### [Source data]
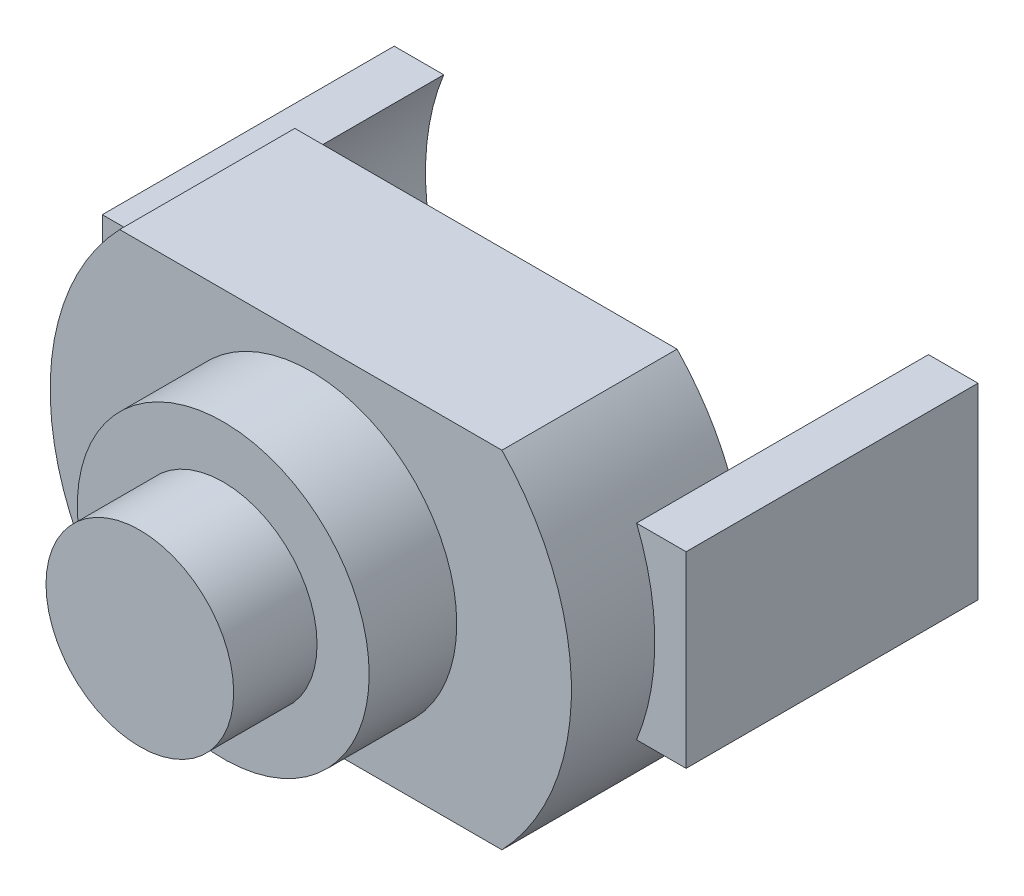
ISO-10303-21;
HEADER;
FILE_DESCRIPTION(('STEP AP214'),'2;1');
FILE_NAME('part.step','',(''),(''),'','','');
FILE_SCHEMA(('AUTOMOTIVE_DESIGN { 1 0 10303 214 1 1 1 1 }'));
ENDSEC;
DATA;
#1=APPLICATION_CONTEXT('core data for automotive mechanical design processes');
#2=APPLICATION_PROTOCOL_DEFINITION('international standard','automotive_design',2000,#1);
#3=PRODUCT_CONTEXT('',#1,'mechanical');
#4=PRODUCT('Part','Part','',(#3));
#5=PRODUCT_RELATED_PRODUCT_CATEGORY('part','',(#4));
#6=PRODUCT_DEFINITION_FORMATION('','',#4);
#7=PRODUCT_DEFINITION_CONTEXT('part definition',#1,'design');
#8=PRODUCT_DEFINITION('design','',#6,#7);
#9=PRODUCT_DEFINITION_SHAPE('','',#8);
#10=(LENGTH_UNIT() NAMED_UNIT(*) SI_UNIT(.MILLI.,.METRE.));
#11=(NAMED_UNIT(*) PLANE_ANGLE_UNIT() SI_UNIT($,.RADIAN.));
#12=(NAMED_UNIT(*) SI_UNIT($,.STERADIAN.) SOLID_ANGLE_UNIT());
#13=UNCERTAINTY_MEASURE_WITH_UNIT(LENGTH_MEASURE(1.E-05),#10,'distance_accuracy_value','');
#14=(GEOMETRIC_REPRESENTATION_CONTEXT(3) GLOBAL_UNCERTAINTY_ASSIGNED_CONTEXT((#13)) GLOBAL_UNIT_ASSIGNED_CONTEXT((#10,
#11,#12)) REPRESENTATION_CONTEXT('',''));
#15=CARTESIAN_POINT('',(0.,0.,0.));
#16=DIRECTION('',(0.,0.,1.));
#17=DIRECTION('',(1.,0.,0.));
#18=AXIS2_PLACEMENT_3D('',#15,#16,#17);
#19=CARTESIAN_POINT('',(0.249999999999997,0.,4.2));
#20=DIRECTION('',(0.,0.,-1.));
#21=DIRECTION('',(-1.,0.,0.));
#22=AXIS2_PLACEMENT_3D('',#19,#20,#21);
#23=CYLINDRICAL_SURFACE('',#22,6.);
#24=CARTESIAN_POINT('',(0.249999999999997,0.,2.2));
#25=DIRECTION('',(0.,0.,1.));
#26=DIRECTION('',(1.,0.,0.));
#27=AXIS2_PLACEMENT_3D('',#24,#25,#26);
#28=CIRCLE('',#27,6.);
#29=CARTESIAN_POINT('',(5.81214886532174,-2.25,2.2));
#30=VERTEX_POINT('',#29);
#31=CARTESIAN_POINT('',(5.81214886532174,2.25,2.2));
#32=VERTEX_POINT('',#31);
#33=EDGE_CURVE('E163',#30,#32,#28,.T.);
#34=ORIENTED_EDGE('',*,*,#33,.T.);
#35=DIRECTION('',(0.,0.,1.));
#36=VECTOR('',#35,1.);
#37=CARTESIAN_POINT('',(5.81214886532174,2.25,-4.8));
#38=LINE('',#37,#36);
#39=CARTESIAN_POINT('',(5.81214886532174,2.25,0.));
#40=VERTEX_POINT('',#39);
#41=EDGE_CURVE('E175',#40,#32,#38,.T.);
#42=ORIENTED_EDGE('',*,*,#41,.F.);
#43=CARTESIAN_POINT('',(0.249999999999997,0.,0.));
#44=DIRECTION('',(0.,0.,1.));
#45=DIRECTION('',(1.,0.,0.));
#46=AXIS2_PLACEMENT_3D('',#43,#44,#45);
#47=CIRCLE('',#46,6.);
#48=CARTESIAN_POINT('',(4.58330128193274,4.15,0.));
#49=VERTEX_POINT('',#48);
#50=EDGE_CURVE('E236',#49,#40,#47,.F.);
#51=ORIENTED_EDGE('',*,*,#50,.F.);
#52=DIRECTION('',(0.,0.,-1.));
#53=VECTOR('',#52,1.);
#54=CARTESIAN_POINT('',(4.58330128193274,4.15,4.2));
#55=LINE('',#54,#53);
#56=CARTESIAN_POINT('',(4.58330128193274,4.15,4.2));
#57=VERTEX_POINT('',#56);
#58=EDGE_CURVE('E11',#57,#49,#55,.T.);
#59=ORIENTED_EDGE('',*,*,#58,.F.);
#60=CARTESIAN_POINT('',(0.249999999999997,0.,4.2));
#61=DIRECTION('',(0.,0.,1.));
#62=DIRECTION('',(1.,0.,0.));
#63=AXIS2_PLACEMENT_3D('',#60,#61,#62);
#64=CIRCLE('',#63,6.);
#65=CARTESIAN_POINT('',(4.58330128193274,-4.15,4.2));
#66=VERTEX_POINT('',#65);
#67=EDGE_CURVE('E224',#57,#66,#64,.F.);
#68=ORIENTED_EDGE('',*,*,#67,.T.);
#69=DIRECTION('',(0.,0.,-1.));
#70=VECTOR('',#69,1.);
#71=CARTESIAN_POINT('',(4.58330128193274,-4.15,4.2));
#72=LINE('',#71,#70);
#73=CARTESIAN_POINT('',(4.58330128193274,-4.15,0.));
#74=VERTEX_POINT('',#73);
#75=EDGE_CURVE('E235',#66,#74,#72,.T.);
#76=ORIENTED_EDGE('',*,*,#75,.T.);
#77=CARTESIAN_POINT('',(5.81214886532174,-2.25,0.));
#78=VERTEX_POINT('',#77);
#79=EDGE_CURVE('E221',#78,#74,#47,.F.);
#80=ORIENTED_EDGE('',*,*,#79,.F.);
#81=DIRECTION('',(0.,0.,1.));
#82=VECTOR('',#81,1.);
#83=CARTESIAN_POINT('',(5.81214886532174,-2.25,-4.8));
#84=LINE('',#83,#82);
#85=EDGE_CURVE('E141',#78,#30,#84,.T.);
#86=ORIENTED_EDGE('',*,*,#85,.T.);
#87=EDGE_LOOP('',(#34,#42,#51,#59,#68,#76,#80,#86));
#88=FACE_BOUND('',#87,.T.);
#89=ADVANCED_FACE('F37',(#88),#23,.T.);
#90=CARTESIAN_POINT('',(-0.250000000000002,0.,4.2));
#91=DIRECTION('',(0.,0.,-1.));
#92=DIRECTION('',(-1.,0.,0.));
#93=AXIS2_PLACEMENT_3D('',#90,#91,#92);
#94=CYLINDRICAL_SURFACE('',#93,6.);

### [Task details]
Please write out all of the data verbatim, with no pictures in the copy.

### [Response to the exercise]
ISO-10303-21;
HEADER;
FILE_DESCRIPTION(('STEP AP214'),'2;1');
FILE_NAME('part.step','',(''),(''),'','','');
FILE_SCHEMA(('AUTOMOTIVE_DESIGN { 1 0 10303 214 1 1 1 1 }'));
ENDSEC;
DATA;
#1=APPLICATION_CONTEXT('core data for automotive mechanical design processes');
#2=APPLICATION_PROTOCOL_DEFINITION('international standard','automotive_design',2000,#1);
#3=PRODUCT_CONTEXT('',#1,'mechanical');
#4=PRODUCT('Part','Part','',(#3));
#5=PRODUCT_RELATED_PRODUCT_CATEGORY('part','',(#4));
#6=PRODUCT_DEFINITION_FORMATION('','',#4);
#7=PRODUCT_DEFINITION_CONTEXT('part definition',#1,'design');
#8=PRODUCT_DEFINITION('design','',#6,#7);
#9=PRODUCT_DEFINITION_SHAPE('','',#8);
#10=(LENGTH_UNIT() NAMED_UNIT(*) SI_UNIT(.MILLI.,.METRE.));
#11=(NAMED_UNIT(*) PLANE_ANGLE_UNIT() SI_UNIT($,.RADIAN.));
#12=(NAMED_UNIT(*) SI_UNIT($,.STERADIAN.) SOLID_ANGLE_UNIT());
#13=UNCERTAINTY_MEASURE_WITH_UNIT(LENGTH_MEASURE(1.E-05),#10,'distance_accuracy_value','');
#14=(GEOMETRIC_REPRESENTATION_CONTEXT(3) GLOBAL_UNCERTAINTY_ASSIGNED_CONTEXT((#13)) GLOBAL_UNIT_ASSIGNED_CONTEXT((#10,
#11,#12)) REPRESENTATION_CONTEXT('',''));
#15=CARTESIAN_POINT('',(0.,0.,0.));
#16=DIRECTION('',(0.,0.,1.));
#17=DIRECTION('',(1.,0.,0.));
#18=AXIS2_PLACEMENT_3D('',#15,#16,#17);
#19=CARTESIAN_POINT('',(0.249999999999997,0.,4.2));
#20=DIRECTION('',(0.,0.,-1.));
#21=DIRECTION('',(-1.,0.,0.));
#22=AXIS2_PLACEMENT_3D('',#19,#20,#21);
#23=CYLINDRICAL_SURFACE('',#22,6.);
#24=CARTESIAN_POINT('',(0.249999999999997,0.,2.2));
#25=DIRECTION('',(0.,0.,1.));
#26=DIRECTION('',(1.,0.,0.));
#27=AXIS2_PLACEMENT_3D('',#24,#25,#26);
#28=CIRCLE('',#27,6.);
#29=CARTESIAN_POINT('',(5.81214886532174,-2.25,2.2));
#30=VERTEX_POINT('',#29);
#31=CARTESIAN_POINT('',(5.81214886532174,2.25,2.2));
#32=VERTEX_POINT('',#31);
#33=EDGE_CURVE('E163',#30,#32,#28,.T.);
#34=ORIENTED_EDGE('',*,*,#33,.T.);
#35=DIRECTION('',(0.,0.,1.));
#36=VECTOR('',#35,1.);
#37=CARTESIAN_POINT('',(5.81214886532174,2.25,-4.8));
#38=LINE('',#37,#36);
#39=CARTESIAN_POINT('',(5.81214886532174,2.25,0.));
#40=VERTEX_POINT('',#39);
#41=EDGE_CURVE('E175',#40,#32,#38,.T.);
#42=ORIENTED_EDGE('',*,*,#41,.F.);
#43=CARTESIAN_POINT('',(0.249999999999997,0.,0.));
#44=DIRECTION('',(0.,0.,1.));
#45=DIRECTION('',(1.,0.,0.));
#46=AXIS2_PLACEMENT_3D('',#43,#44,#45);
#47=CIRCLE('',#46,6.);
#48=CARTESIAN_POINT('',(4.58330128193274,4.15,0.));
#49=VERTEX_POINT('',#48);
#50=EDGE_CURVE('E236',#49,#40,#47,.F.);
#51=ORIENTED_EDGE('',*,*,#50,.F.);
#52=DIRECTION('',(0.,0.,-1.));
#53=VECTOR('',#52,1.);
#54=CARTESIAN_POINT('',(4.58330128193274,4.15,4.2));
#55=LINE('',#54,#53);
#56=CARTESIAN_POINT('',(4.58330128193274,4.15,4.2));
#57=VERTEX_POINT('',#56);
#58=EDGE_CURVE('E11',#57,#49,#55,.T.);
#59=ORIENTED_EDGE('',*,*,#58,.F.);
#60=CARTESIAN_POINT('',(0.249999999999997,0.,4.2));
#61=DIRECTION('',(0.,0.,1.));
#62=DIRECTION('',(1.,0.,0.));
#63=AXIS2_PLACEMENT_3D('',#60,#61,#62);
#64=CIRCLE('',#63,6.);
#65=CARTESIAN_POINT('',(4.58330128193274,-4.15,4.2));
#66=VERTEX_POINT('',#65);
#67=EDGE_CURVE('E224',#57,#66,#64,.F.);
#68=ORIENTED_EDGE('',*,*,#67,.T.);
#69=DIRECTION('',(0.,0.,-1.));
#70=VECTOR('',#69,1.);
#71=CARTESIAN_POINT('',(4.58330128193274,-4.15,4.2));
#72=LINE('',#71,#70);
#73=CARTESIAN_POINT('',(4.58330128193274,-4.15,0.));
#74=VERTEX_POINT('',#73);
#75=EDGE_CURVE('E235',#66,#74,#72,.T.);
#76=ORIENTED_EDGE('',*,*,#75,.T.);
#77=CARTESIAN_POINT('',(5.81214886532174,-2.25,0.));
#78=VERTEX_POINT('',#77);
#79=EDGE_CURVE('E221',#78,#74,#47,.F.);
#80=ORIENTED_EDGE('',*,*,#79,.F.);
#81=DIRECTION('',(0.,0.,1.));
#82=VECTOR('',#81,1.);
#83=CARTESIAN_POINT('',(5.81214886532174,-2.25,-4.8));
#84=LINE('',#83,#82);
#85=EDGE_CURVE('E141',#78,#30,#84,.T.);
#86=ORIENTED_EDGE('',*,*,#85,.T.);
#87=EDGE_LOOP('',(#34,#42,#51,#59,#68,#76,#80,#86));
#88=FACE_BOUND('',#87,.T.);
#89=ADVANCED_FACE('F37',(#88),#23,.T.);
#90=CARTESIAN_POINT('',(-0.250000000000002,0.,4.2));
#91=DIRECTION('',(0.,0.,-1.));
#92=DIRECTION('',(-1.,0.,0.));
#93=AXIS2_PLACEMENT_3D('',#90,#91,#92);
#94=CYLINDRICAL_SURFACE('',#93,6.);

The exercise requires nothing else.